| WHAT TO DO |
Return every line of the data that contains the string "Enlèv".

┌─ DATA

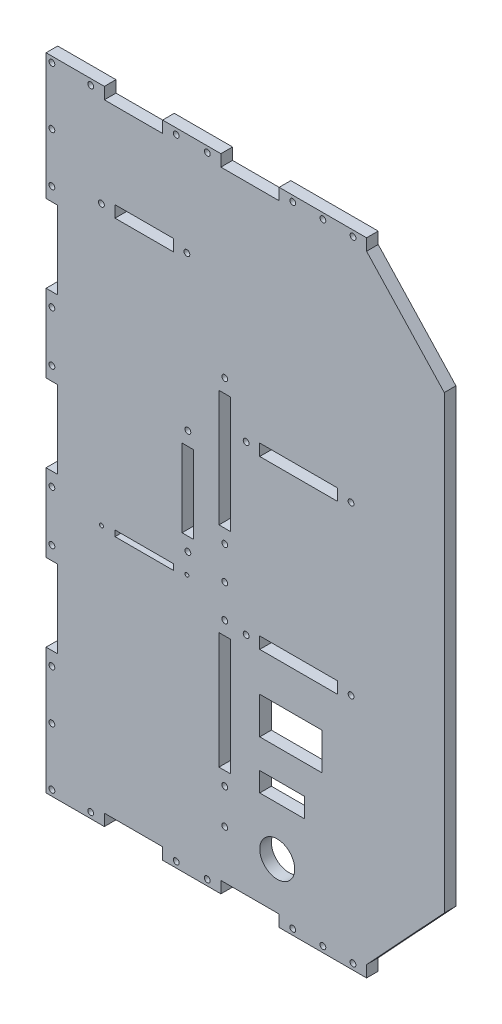
SolidWorks part; units mm, degrees
ref_plane "Plan de face" through (0, 0, 0) normal (0, 0, 1) x (1, 0, 0)
ref_plane "Plan de dessus" through (0, 0, 0) normal (0, 1, 0) x (1, 0, 0)
ref_plane "Plan de droite" through (0, 0, 0) normal (1, 0, 0) x (0, 0, -1)
sketch "Esquisse1" plane through (0, 0, 0) normal (0, 0, 1) x (1, 0, 0)
  line L1 (0, 0) -> (148, 0)
  line L2 (0, 0) -> (0, 330)
  line L3 (0, 330) -> (148, 330)
  line L4 (148, 0) -> (148, 330)
  dimension "D1" = 148
  dimension "D2" = 330
extrude "Boss.-Extru.1" add sketch "Esquisse1" along normal blind 6
sketch "Esquisse2" plane through (0, 0, 6) normal (0, 0, 1) x (1, 0, 0)
  line L1 (0, 0) -> (148, 0) construction
  line L2 (30, 0) -> (60, 0)
  line L3 (30, 0) -> (30, 6)
  line L4 (30, 6) -> (60, 6)
  line L5 (60, 0) -> (60, 6)
  line L6 (0, 330) -> (0, 0) construction
  line L7 (148, 330) -> (0, 330) construction
  line L8 (90, 0) -> (120, 0)
  line L9 (90, 0) -> (90, 6)
  line L10 (90, 6) -> (120, 6)
  line L11 (120, 0) -> (120, 6)
  line L12 (30, 330) -> (60, 330)
  line L13 (30, 330) -> (30, 324)
  line L14 (30, 324) -> (60, 324)
  line L15 (60, 330) -> (60, 324)
  line L17 (90, 330) -> (120, 330)
  line L18 (90, 330) -> (90, 324)
  line L19 (90, 324) -> (120, 324)
  line L20 (120, 330) -> (120, 324)
  line L21 (0, 265) -> (6, 265)
  line L22 (0, 265) -> (0, 225)
  line L23 (0, 225) -> (6, 225)
  line L24 (6, 265) -> (6, 225)
  line L25 (0, 185) -> (6, 185)
  line L26 (0, 185) -> (0, 145)
  line L27 (0, 145) -> (6, 145)
  line L28 (6, 185) -> (6, 145)
  line L29 (0, 105) -> (6, 105)
  line L30 (0, 105) -> (0, 65)
  line L31 (0, 65) -> (6, 65)
  line L32 (6, 105) -> (6, 65)
  dimension "D1" = 6
  dimension "D2" = 30
  dimension "D3" = 30
  dimension "D4" = 30
  dimension "D5" = 30
  dimension "D6" = 6
  dimension "D7" = 6
  dimension "D8" = 65
  dimension "D9" = 40
  dimension "D10" = 40
  dimension "D11" = 40
  dimension "D12" = 40
  dimension "D13" = 40
extrude "Enlèv. mat.-Extru.1" cut sketch "Esquisse2" against normal blind 6
sketch "Esquisse5" plane through (0, 0, 6) normal (0, 0, 1) x (1, 0, 0)
  line L0 (0, 65) -> (0, 0) construction
  line L1 (35.5, 280) -> (65.5, 280)
  line L2 (35.5, 280) -> (35.5, 274)
  line L3 (142, 99) -> (110, 99)
  line L4 (142, 99) -> (142, 80)
  line L5 (142, 80) -> (110, 80)
  line L6 (110, 99) -> (110, 80)
  line L7 (133, 65) -> (110, 65)
  line L8 (133, 65) -> (133, 55)
  line L9 (133, 55) -> (110, 55)
  line L10 (110, 65) -> (110, 55)
  line L11 (35.5, 274) -> (65.5, 274)
  line L12 (65.5, 280) -> (65.5, 274)
  line L13 (0, 145) -> (0, 105) construction
  line L14 (120, 0) -> (148, 0) construction
  line L15 (0, 330) -> (0, 265) construction
  line L16 (30, 330) -> (0, 330) construction
  line L17 (0, 225) -> (0, 185) construction
  line L18 (120, 0) -> (148, 0) construction
  line L19 (35.5, 135) -> (65.5, 135)
  line L20 (35.5, 135) -> (35.5, 132)
  line L21 (35.5, 132) -> (65.5, 132)
  line L22 (65.5, 135) -> (65.5, 132)
  circle A0 centre (119, 30) radius 9
  dimension "D2" = 18
  dimension "D5" = 55
  dimension "D11" = 30
  dimension "D3" = 32
  dimension "D4" = 19
  dimension "D6" = 119
  dimension "D7" = 10
  dimension "D8" = 23
  dimension "D9" = 15
  dimension "D10" = 110
  dimension "D12" = 110
  dimension "D13" = 30
  dimension "D14" = 35.5
  dimension "D15" = 50
  dimension "D16" = 6
  dimension "D17" = 3
  dimension "D18" = 30
  dimension "D19" = 35.5
  dimension "D20" = 139
extrude "Enlèv. mat.-Extru.3" cut sketch "Esquisse5" against normal blind 6
sketch "Esquisse6" plane through (0, 0, 6) normal (0, 0, 1) x (1, 0, 0)
  line L1 (0, 145) -> (0, 105) construction
  line L2 (95, 116) -> (89, 116)
  line L3 (95, 116) -> (95, 56)
  line L4 (95, 56) -> (89, 56)
  line L13 (89, 116) -> (89, 56)
  line L14 (60, 0) -> (90, 0) construction
  line L15 (95, 224) -> (89, 224)
  line L16 (95, 224) -> (95, 164)
  line L17 (95, 164) -> (89, 164)
  line L18 (89, 224) -> (89, 164)
  dimension "D2" = 6
  dimension "D5" = 6
  dimension "D12" = 56
  dimension "D13" = 48
  dimension "D14" = 60
  dimension "D15" = 60
  dimension "D16" = 89
  dimension "D17" = 89
extrude "Enlèv. mat.-Extru.4" cut sketch "Esquisse6" against normal blind 10
sketch "Esquisse8" plane through (148, 0, 0) normal (1, 0, 0) x (0, 0, -1)
  line L1 (-6, 330) -> (0, 330)
  line L2 (-6, 330) -> (-6, 0)
  line L3 (-6, 0) -> (0, 0)
  line L4 (0, 330) -> (0, 0)
extrude "Boss.-Extru.2" add sketch "Esquisse8" along normal blind 57
sketch "Esquisse9" plane through (0, 0, 6) normal (0, 0, 1) x (1, 0, 0)
  line L0 (165, 0) -> (205, 0)
  line L1 (120, 0) -> (205, 0) construction
  line L2 (205, 0) -> (205, 49)
  line L3 (205, 330) -> (205, 0) construction
  line L4 (165, 0) -> (165, 6)
  line L5 (165, 330) -> (205, 330)
  line L6 (205, 330) -> (120, 330) construction
  line L7 (205, 330) -> (205, 281)
  line L8 (165, 330) -> (165, 324)
  line L9 (165, 6) -> (205, 49)
  line L10 (165, 324) -> (205, 281)
  dimension "D1" = 40
  dimension "D2" = 49
  dimension "D3" = 40
  dimension "D4" = 49
  dimension "D5" = 6
  dimension "D6" = 6
extrude "Enlèv. mat.-Extru.5" cut sketch "Esquisse9" against normal through all
sketch "Esquisse10" plane through (0, 0, 6) normal (0, 0, 1) x (1, 0, 0)
  line L0 (90, 330) -> (60, 330) construction
  line L1 (76, 191) -> (70, 191)
  line L2 (76, 191) -> (76, 151)
  line L3 (76, 151) -> (70, 151)
  line L4 (70, 191) -> (70, 151)
  line L9 (205, 49) -> (205, 281) construction
  line L10 (110, 211) -> (150, 211)
  line L11 (0, 225) -> (0, 185) construction
  line L13 (110, 211) -> (110, 205)
  line L14 (110, 205) -> (150, 205)
  line L15 (150, 211) -> (150, 205)
  line L16 (165, 330) -> (120, 330) construction
  line L18 (110, 125) -> (150, 125)
  line L19 (110, 125) -> (110, 119)
  line L20 (110, 119) -> (150, 119)
  line L21 (150, 125) -> (150, 119)
  dimension "D1" = 40
  dimension "D4" = 139
  dimension "D5" = 70
  dimension "D8" = 6
  dimension "D9" = 40
  dimension "D10" = 55
  dimension "D11" = 6
  dimension "D12" = 119
  dimension "D13" = 6
  dimension "D14" = 40
  dimension "D15" = 55
  dimension "D16" = 80
extrude "Enlèv. mat.-Extru.6" cut sketch "Esquisse10" against normal through all
sketch "Esquisse11" plane through (0, 0, 6) normal (0, 0, 1) x (1, 0, 0)
  line L0 (165, 330) -> (120, 330) construction
  line L1 (165, 330) -> (165, 324) construction
  line L2 (120, 324) -> (120, 330) construction
  line L3 (90, 330) -> (90, 324) construction
  line L4 (90, 330) -> (60, 330) construction
  line L5 (60, 324) -> (60, 330) construction
  line L6 (30, 330) -> (30, 324) construction
  line L7 (30, 330) -> (0, 330) construction
  line L8 (0, 330) -> (0, 265) construction
  line L9 (6, 265) -> (0, 265) construction
  line L10 (35.5, 280) -> (35.5, 274) construction
  line L11 (65.5, 280) -> (35.5, 280) construction
  line L12 (65.5, 274) -> (65.5, 280) construction
  line L13 (0, 225) -> (6, 225) construction
  line L14 (0, 225) -> (0, 185) construction
  line L15 (6, 185) -> (0, 185) construction
  line L18 (76, 151) -> (76, 191) construction
  line L19 (70, 151) -> (76, 151) construction
  line L20 (95, 224) -> (89, 224) construction
  line L21 (89, 224) -> (89, 164) construction
  line L22 (89, 164) -> (95, 164) construction
  line L23 (110, 205) -> (150, 205) construction
  line L24 (89, 116) -> (89, 56) construction
  line L25 (95, 116) -> (89, 116) construction
  line L26 (95, 164) -> (95, 224) construction
  line L27 (89, 56) -> (95, 56) construction
  line L28 (95, 56) -> (95, 116) construction
  line L29 (35.5, 135) -> (35.5, 132) construction
  line L30 (0, 145) -> (6, 145) construction
  line L31 (0, 145) -> (0, 105) construction
  line L32 (6, 105) -> (0, 105) construction
  line L33 (35.5, 132) -> (65.5, 132) construction
  line L34 (0, 65) -> (6, 65) construction
  line L35 (0, 65) -> (0, 0) construction
  line L36 (0, 0) -> (30, 0) construction
  line L37 (30, 6) -> (30, 0) construction
  line L38 (60, 0) -> (60, 6) construction
  line L39 (60, 0) -> (90, 0) construction
  line L40 (90, 6) -> (90, 0) construction
  line L41 (120, 0) -> (165, 0) construction
  line L42 (120, 0) -> (120, 6) construction
  line L43 (165, 6) -> (165, 0) construction
  line L44 (110, 211) -> (110, 205) construction
  line L45 (150, 205) -> (150, 211) construction
  line L46 (110, 119) -> (150, 119) construction
  line L47 (150, 119) -> (150, 125) construction
  line L48 (150, 125) -> (110, 125) construction
  line L49 (110, 125) -> (110, 119) construction
  line L50 (65.5, 135) -> (35.5, 135) construction
  line L51 (65.5, 132) -> (65.5, 135) construction
  line L52 (76, 151) -> (76, 191) construction
  line L53 (76, 191) -> (70, 191) construction
  circle A0 centre (158, 327) radius 1.5
  circle A1 centre (142.5, 327) radius 1.5
  circle A2 centre (127, 327) radius 1.5
  circle A3 centre (67, 327) radius 1.5
  circle A4 centre (83, 327) radius 1.5
  circle A5 centre (3, 327) radius 1.5
  circle A6 centre (23, 327) radius 1.5
  circle A7 centre (3, 297.5) radius 1.5
  circle A8 centre (3, 272) radius 1.5
  circle A9 centre (3, 218) radius 1.5
  circle A10 centre (3, 192) radius 1.5
  circle A11 centre (3, 138) radius 1.5
  circle A12 centre (3, 112) radius 1.5
  circle A13 centre (3, 58) radius 1.5
  circle A14 centre (3, 3) radius 1.5
  circle A15 centre (3, 32.5) radius 1.5
  circle A16 centre (23, 3) radius 1.5
  circle A17 centre (67, 3) radius 1.5
  circle A18 centre (83, 3) radius 1.5
  circle A19 centre (127, 3) radius 1.5
  circle A20 centre (158, 3) radius 1.5
  circle A21 centre (142.5, 3) radius 1.5
  circle A22 centre (92, 231) radius 1.5
  circle A23 centre (92, 157) radius 1.5
  circle A24 centre (92, 123) radius 1.5
  circle A25 centre (92, 49) radius 1.5
  circle A26 centre (92, 140) radius 1.5
  circle A27 centre (73, 144) radius 1.5
  circle A28 centre (73, 198) radius 1.5
  circle A29 centre (28.5, 133.5) radius 1.005
  circle A30 centre (72.5, 133.5) radius 1.005
  circle A31 centre (72.5, 277) radius 1.5
  circle A32 centre (28.5, 277) radius 1.5
  circle A33 centre (92, 31) radius 1.5
  circle A34 centre (103, 208) radius 1.5
  circle A35 centre (157, 208) radius 1.5
  circle A36 centre (157, 122) radius 1.5
  circle A37 centre (103, 122) radius 1.5
  point P74 (90, 327)
  point P89 (35.5, 277)
  point P96 (3, 225)
  point P130 (3, 145)
  point P139 (3, 65)
  point P144 (3, 65)
  point P147 (30, 3)
  point P161 (120, 3)
  point P162 (165, 3)
  dimension "D1" = 3
  dimension "D2" = 3
  dimension "D3" = 7
  dimension "D4" = 3
  dimension "D5" = 3
  dimension "D6" = 3
  dimension "D7" = 7
  dimension "D8" = 3
  dimension "D10" = 3
  dimension "D11" = 7
  dimension "D12" = 3
  dimension "D13" = 3
  dimension "D14" = 3
  dimension "D15" = 7
  dimension "D16" = 3
  dimension "D17" = 7
  dimension "D18" = 3
  dimension "D19" = 3
  dimension "D20" = 3
  dimension "D21" = 3
  dimension "D22" = 3
  dimension "D23" = 3
  dimension "D26" = 7
  dimension "D27" = 3
  dimension "D28" = 3
  dimension "D29" = 7
  dimension "D30" = 3
  dimension "D31" = 3
  dimension "D32" = 3
  dimension "D33" = 7
  dimension "D34" = 3
  dimension "D35" = 7
  dimension "D36" = 3
  dimension "D37" = 3
  dimension "D38" = 3
  dimension "D39" = 7
  dimension "D40" = 3
  dimension "D41" = 3
  dimension "D42" = 7
  dimension "D43" = 3
  dimension "D44" = 3
  dimension "D45" = 7
  dimension "D46" = 3
  dimension "D47" = 7
  dimension "D48" = 3
  dimension "D49" = 3
  dimension "D50" = 3
  dimension "D51" = 7
  dimension "D52" = 3
  dimension "D53" = 3
  dimension "D54" = 7
  dimension "D55" = 3
  dimension "D56" = 24
  dimension "D57" = 3
  dimension "D58" = 3
  dimension "D59" = 7
  dimension "D60" = 3
  dimension "D61" = 3
  dimension "D62" = 25
  dimension "D63" = 3
  dimension "D64" = 2.01
  dimension "D65" = 2.01
  dimension "D66" = 7
  dimension "D67" = 3
  dimension "D68" = 7
  dimension "D69" = 3
  dimension "D70" = 3
  dimension "D71" = 7
  dimension "D72" = 3
  dimension "D73" = 1.5
  dimension "D74" = 1.5
  dimension "D75" = 7
  dimension "D76" = 3
  dimension "D77" = 7
  dimension "D78" = 3
  dimension "D79" = 3
  dimension "D80" = 3
  dimension "D81" = 32.5
  dimension "D82" = 3
  dimension "D83" = 3
  dimension "D84" = 3
  dimension "D85" = 3
  dimension "D86" = 3
  dimension "D87" = 7
  dimension "D88" = 3
  dimension "D89" = 3
  dimension "D90" = 7
  dimension "D91" = 3
  dimension "D92" = 3
  dimension "D93" = 7
  dimension "D95" = 22.5
  dimension "D96" = 3
  dimension "D97" = 3
  dimension "D98" = 3
  dimension "D99" = 7
  dimension "D100" = 3
  dimension "D101" = 3
  dimension "D102" = 7
  dimension "D103" = 3
  dimension "D104" = 3
  dimension "D105" = 7
  dimension "D106" = 3
  dimension "D107" = 7
  dimension "D108" = 3
  dimension "D109" = 3
  dimension "D110" = 3
  dimension "D111" = 7
  dimension "D112" = 3
  dimension "D113" = 3
  dimension "D114" = 7
  dimension "D9" = 22.5
  dimension "D24" = 3
  dimension "D25" = 32.5
  dimension "D94" = 3
extrude "Enlèv. mat.-Extru.7" cut sketch "Esquisse11" against normal through all
sketch "Esquisse12" plane through (0, 0, 0) normal (0, 0, -1) x (-1, 0, 0)
  circle A0 centre (-158, 327) radius 2.995
  circle A1 centre (-142.5, 327) radius 2.995
  circle A2 centre (-127, 327) radius 2.995
  circle A3 centre (-83, 327) radius 2.995
  circle A4 centre (-67, 327) radius 2.995
  circle A5 centre (-23, 327) radius 2.995
  circle A6 centre (-3, 327) radius 2.995
  circle A7 centre (-3, 297.5) radius 2.995
  circle A8 centre (-3, 272) radius 2.995
  circle A9 centre (-28.5, 277) radius 3
  circle A10 centre (-72.5, 277) radius 3
  circle A11 centre (-92, 231) radius 3
  circle A12 centre (-103, 208) radius 3
  circle A13 centre (-73, 144) radius 3
  circle A14 centre (-3, 218) radius 2.995
  circle A15 centre (-3, 192) radius 2.995
  circle A16 centre (-73, 198) radius 3
  circle A17 centre (-92, 157) radius 3
  circle A18 centre (-92, 140) radius 3
  circle A19 centre (-92, 123) radius 3
  circle A20 centre (-72.5, 133.5) radius 2
  circle A21 centre (-28.5, 133.5) radius 2
  circle A22 centre (-3, 112) radius 2.995
  circle A23 centre (-3, 138) radius 2.995
  circle A24 centre (-3, 58) radius 2.995
  circle A25 centre (-3, 32.5) radius 2.995
  circle A26 centre (-3, 3) radius 2.995
  circle A27 centre (-23, 3) radius 2.995
  circle A28 centre (-67, 3) radius 2.995
  circle A29 centre (-83, 3) radius 2.995
  circle A30 centre (-92, 31) radius 3
  circle A31 centre (-92, 49) radius 3
  circle A32 centre (-127, 3) radius 2.995
  circle A33 centre (-142.5, 3) radius 2.995
  circle A34 centre (-157, 208) radius 3
  circle A35 centre (-158, 3) radius 2.995
  circle A36 centre (-157, 122) radius 3
  circle A37 centre (-103, 122) radius 3
  dimension "D1" = 5.99
  dimension "D2" = 5.99
  dimension "D3" = 5.99
  dimension "D4" = 5.99
  dimension "D5" = 5.99
  dimension "D6" = 6
  dimension "D7" = 6
  dimension "D8" = 5.99
  dimension "D9" = 5.99
  dimension "D10" = 5.99
  dimension "D11" = 5.99
  dimension "D12" = 6
  dimension "D13" = 5.99
  dimension "D14" = 6
  dimension "D15" = 6
  dimension "D16" = 5.99
  dimension "D17" = 5.99
  dimension "D18" = 5.99
  dimension "D19" = 4
  dimension "D20" = 4
  dimension "D21" = 6
  dimension "D22" = 6
  dimension "D23" = 6
  dimension "D24" = 6
  dimension "D25" = 6
  dimension "D26" = 5.99
  dimension "D27" = 5.99
  dimension "D28" = 5.99
  dimension "D29" = 5.99
  dimension "D30" = 5.99
  dimension "D31" = 5.99
  dimension "D32" = 5.99
  dimension "D33" = 5.99
  dimension "D34" = 5.99
  dimension "D35" = 6
  dimension "D36" = 6
  dimension "D37" = 6
  dimension "D38" = 6
extrude "Enlèv. mat.-Extru.8" cut sketch "Esquisse12" against normal blind 3

└─

| ANSWER TO THIS EXERCISE |
extrude "Enlèv. mat.-Extru.1" cut sketch "Esquisse2" against normal blind 6
extrude "Enlèv. mat.-Extru.3" cut sketch "Esquisse5" against normal blind 6
extrude "Enlèv. mat.-Extru.4" cut sketch "Esquisse6" against normal blind 10
extrude "Enlèv. mat.-Extru.5" cut sketch "Esquisse9" against normal through all
extrude "Enlèv. mat.-Extru.6" cut sketch "Esquisse10" against normal through all
extrude "Enlèv. mat.-Extru.7" cut sketch "Esquisse11" against normal through all
extrude "Enlèv. mat.-Extru.8" cut sketch "Esquisse12" against normal blind 3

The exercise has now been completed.